---------- Entries supplied

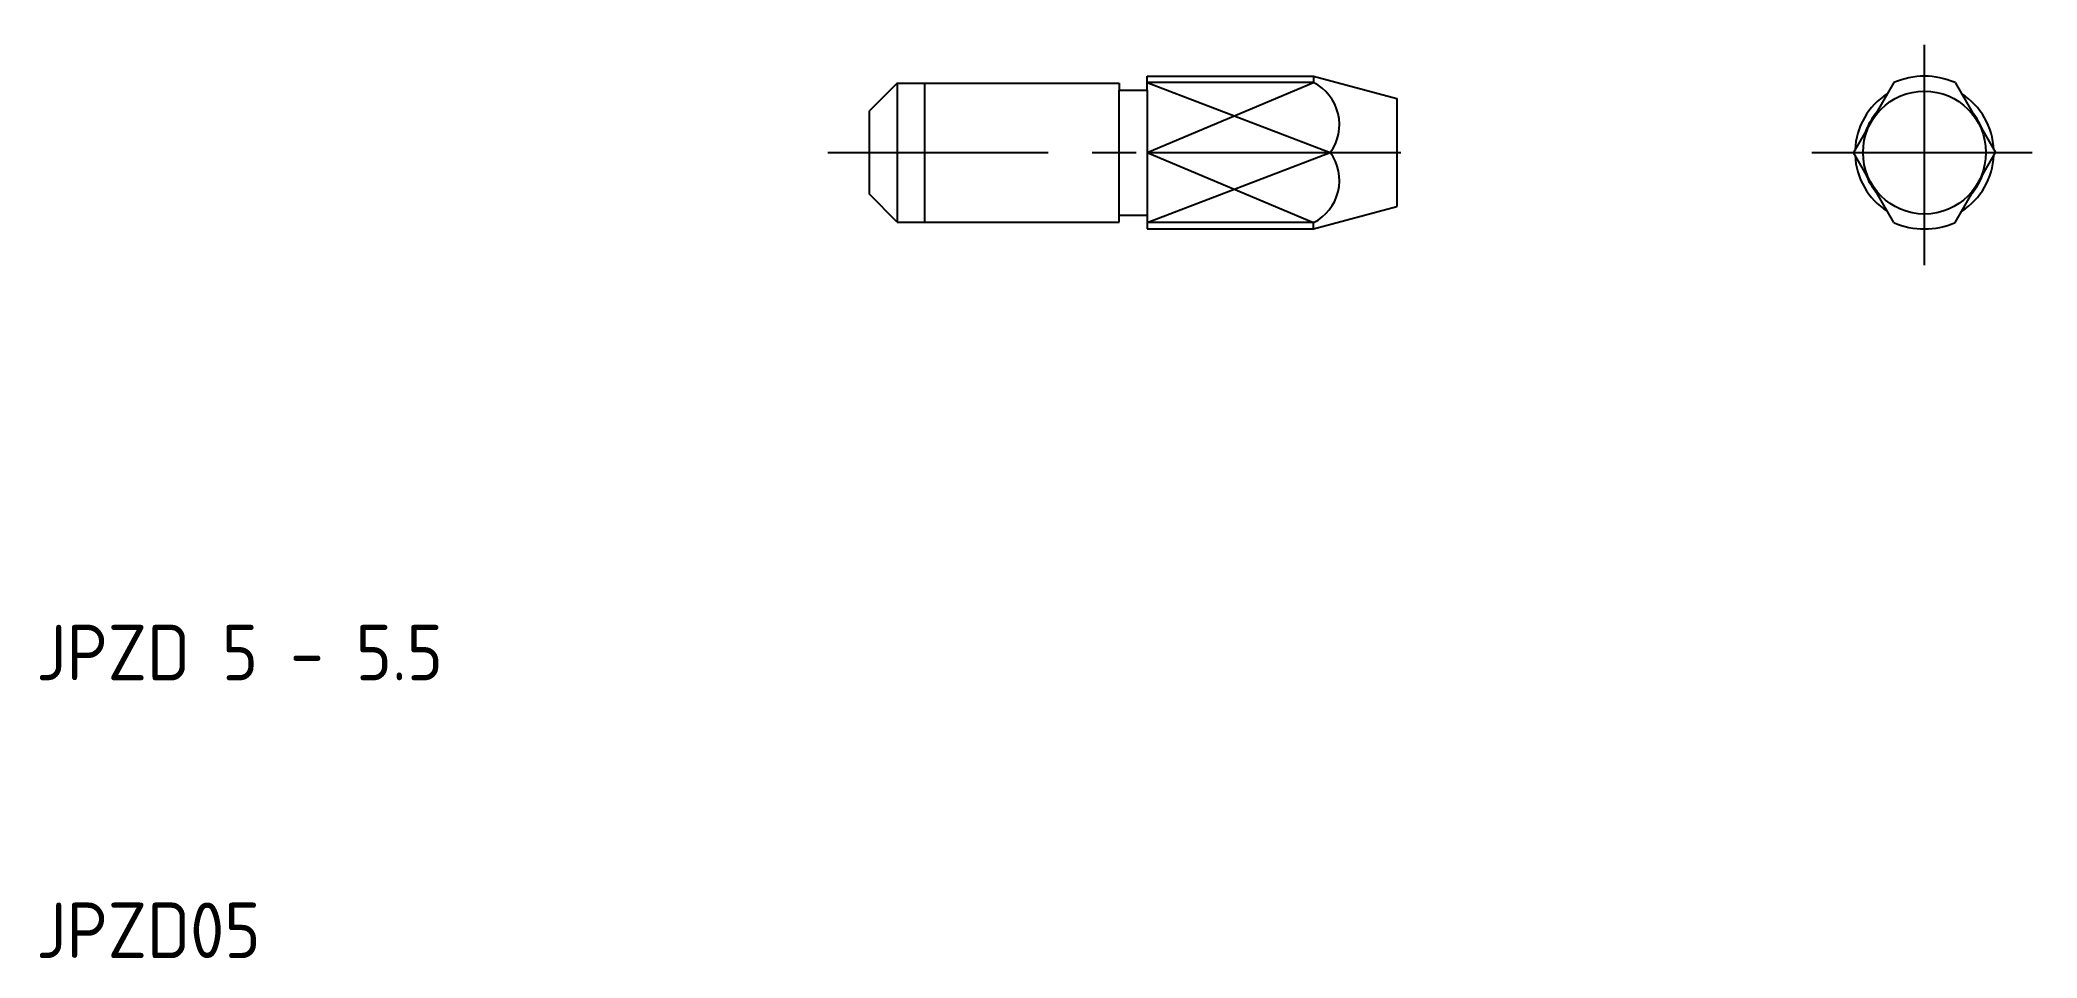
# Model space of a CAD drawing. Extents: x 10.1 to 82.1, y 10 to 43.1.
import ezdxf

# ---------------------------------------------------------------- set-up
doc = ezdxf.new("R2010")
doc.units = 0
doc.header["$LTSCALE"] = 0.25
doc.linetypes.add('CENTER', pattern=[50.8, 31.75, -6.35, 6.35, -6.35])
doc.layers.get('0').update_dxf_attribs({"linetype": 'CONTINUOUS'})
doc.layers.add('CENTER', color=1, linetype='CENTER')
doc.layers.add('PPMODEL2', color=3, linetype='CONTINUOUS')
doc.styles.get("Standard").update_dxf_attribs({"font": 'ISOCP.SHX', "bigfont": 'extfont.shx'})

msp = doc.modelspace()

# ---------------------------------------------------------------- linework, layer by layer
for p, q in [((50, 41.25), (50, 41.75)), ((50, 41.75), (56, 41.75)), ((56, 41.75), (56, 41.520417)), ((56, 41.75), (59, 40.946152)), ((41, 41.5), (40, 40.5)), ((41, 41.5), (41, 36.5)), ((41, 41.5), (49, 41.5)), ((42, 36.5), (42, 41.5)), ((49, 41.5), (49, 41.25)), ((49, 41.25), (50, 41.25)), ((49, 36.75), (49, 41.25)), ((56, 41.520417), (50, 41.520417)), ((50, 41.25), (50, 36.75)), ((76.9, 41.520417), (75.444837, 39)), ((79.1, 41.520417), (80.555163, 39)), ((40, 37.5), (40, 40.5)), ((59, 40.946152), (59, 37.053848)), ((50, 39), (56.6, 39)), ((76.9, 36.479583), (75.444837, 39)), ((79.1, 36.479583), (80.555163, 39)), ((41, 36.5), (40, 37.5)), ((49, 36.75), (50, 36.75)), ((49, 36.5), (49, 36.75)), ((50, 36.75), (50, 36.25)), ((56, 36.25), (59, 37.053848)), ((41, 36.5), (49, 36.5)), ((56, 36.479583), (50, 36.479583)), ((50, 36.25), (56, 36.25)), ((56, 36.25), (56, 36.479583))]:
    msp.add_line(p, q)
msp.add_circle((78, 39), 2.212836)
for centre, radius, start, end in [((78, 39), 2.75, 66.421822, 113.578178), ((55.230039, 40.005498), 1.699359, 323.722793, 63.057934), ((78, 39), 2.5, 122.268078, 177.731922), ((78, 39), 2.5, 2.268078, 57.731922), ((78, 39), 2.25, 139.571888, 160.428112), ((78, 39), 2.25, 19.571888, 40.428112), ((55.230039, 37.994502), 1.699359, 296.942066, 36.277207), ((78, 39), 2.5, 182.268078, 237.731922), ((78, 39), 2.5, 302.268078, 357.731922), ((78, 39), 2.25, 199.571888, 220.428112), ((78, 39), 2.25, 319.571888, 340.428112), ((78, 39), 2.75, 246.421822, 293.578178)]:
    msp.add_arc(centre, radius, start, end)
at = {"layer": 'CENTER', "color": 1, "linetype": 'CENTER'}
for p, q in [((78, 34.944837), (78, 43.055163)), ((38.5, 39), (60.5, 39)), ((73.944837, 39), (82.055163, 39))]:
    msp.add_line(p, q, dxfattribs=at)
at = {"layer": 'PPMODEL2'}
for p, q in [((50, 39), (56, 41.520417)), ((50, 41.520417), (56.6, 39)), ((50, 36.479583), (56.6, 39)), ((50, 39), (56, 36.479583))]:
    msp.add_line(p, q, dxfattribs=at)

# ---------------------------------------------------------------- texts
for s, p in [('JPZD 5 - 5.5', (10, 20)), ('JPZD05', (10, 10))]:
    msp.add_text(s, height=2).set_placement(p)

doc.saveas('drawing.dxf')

--------------------

*Exercise requirements*.
Leaving all pictures aside, quote each record exactly.

*Your response*.
# Model space of a CAD drawing. Extents: x 10.1 to 82.1, y 10 to 43.1.
import ezdxf

# ---------------------------------------------------------------- set-up
doc = ezdxf.new("R2010")
doc.units = 0
doc.header["$LTSCALE"] = 0.25
doc.linetypes.add('CENTER', pattern=[50.8, 31.75, -6.35, 6.35, -6.35])
doc.layers.get('0').update_dxf_attribs({"linetype": 'CONTINUOUS'})
doc.layers.add('CENTER', color=1, linetype='CENTER')
doc.layers.add('PPMODEL2', color=3, linetype='CONTINUOUS')
doc.styles.get("Standard").update_dxf_attribs({"font": 'ISOCP.SHX', "bigfont": 'extfont.shx'})

msp = doc.modelspace()

# ---------------------------------------------------------------- linework, layer by layer
for p, q in [((50, 41.25), (50, 41.75)), ((50, 41.75), (56, 41.75)), ((56, 41.75), (56, 41.520417)), ((56, 41.75), (59, 40.946152)), ((41, 41.5), (40, 40.5)), ((41, 41.5), (41, 36.5)), ((41, 41.5), (49, 41.5)), ((42, 36.5), (42, 41.5)), ((49, 41.5), (49, 41.25)), ((49, 41.25), (50, 41.25)), ((49, 36.75), (49, 41.25)), ((56, 41.520417), (50, 41.520417)), ((50, 41.25), (50, 36.75)), ((76.9, 41.520417), (75.444837, 39)), ((79.1, 41.520417), (80.555163, 39)), ((40, 37.5), (40, 40.5)), ((59, 40.946152), (59, 37.053848)), ((50, 39), (56.6, 39)), ((76.9, 36.479583), (75.444837, 39)), ((79.1, 36.479583), (80.555163, 39)), ((41, 36.5), (40, 37.5)), ((49, 36.75), (50, 36.75)), ((49, 36.5), (49, 36.75)), ((50, 36.75), (50, 36.25)), ((56, 36.25), (59, 37.053848)), ((41, 36.5), (49, 36.5)), ((56, 36.479583), (50, 36.479583)), ((50, 36.25), (56, 36.25)), ((56, 36.25), (56, 36.479583))]:
    msp.add_line(p, q)
msp.add_circle((78, 39), 2.212836)
for centre, radius, start, end in [((78, 39), 2.75, 66.421822, 113.578178), ((55.230039, 40.005498), 1.699359, 323.722793, 63.057934), ((78, 39), 2.5, 122.268078, 177.731922), ((78, 39), 2.5, 2.268078, 57.731922), ((78, 39), 2.25, 139.571888, 160.428112), ((78, 39), 2.25, 19.571888, 40.428112), ((55.230039, 37.994502), 1.699359, 296.942066, 36.277207), ((78, 39), 2.5, 182.268078, 237.731922), ((78, 39), 2.5, 302.268078, 357.731922), ((78, 39), 2.25, 199.571888, 220.428112), ((78, 39), 2.25, 319.571888, 340.428112), ((78, 39), 2.75, 246.421822, 293.578178)]:
    msp.add_arc(centre, radius, start, end)
at = {"layer": 'CENTER', "color": 1, "linetype": 'CENTER'}
for p, q in [((78, 34.944837), (78, 43.055163)), ((38.5, 39), (60.5, 39)), ((73.944837, 39), (82.055163, 39))]:
    msp.add_line(p, q, dxfattribs=at)
at = {"layer": 'PPMODEL2'}
for p, q in [((50, 39), (56, 41.520417)), ((50, 41.520417), (56.6, 39)), ((50, 36.479583), (56.6, 39)), ((50, 39), (56, 36.479583))]:
    msp.add_line(p, q, dxfattribs=at)

# ---------------------------------------------------------------- texts
for s, p in [('JPZD 5 - 5.5', (10, 20)), ('JPZD05', (10, 10))]:
    msp.add_text(s, height=2).set_placement(p)

doc.saveas('drawing.dxf')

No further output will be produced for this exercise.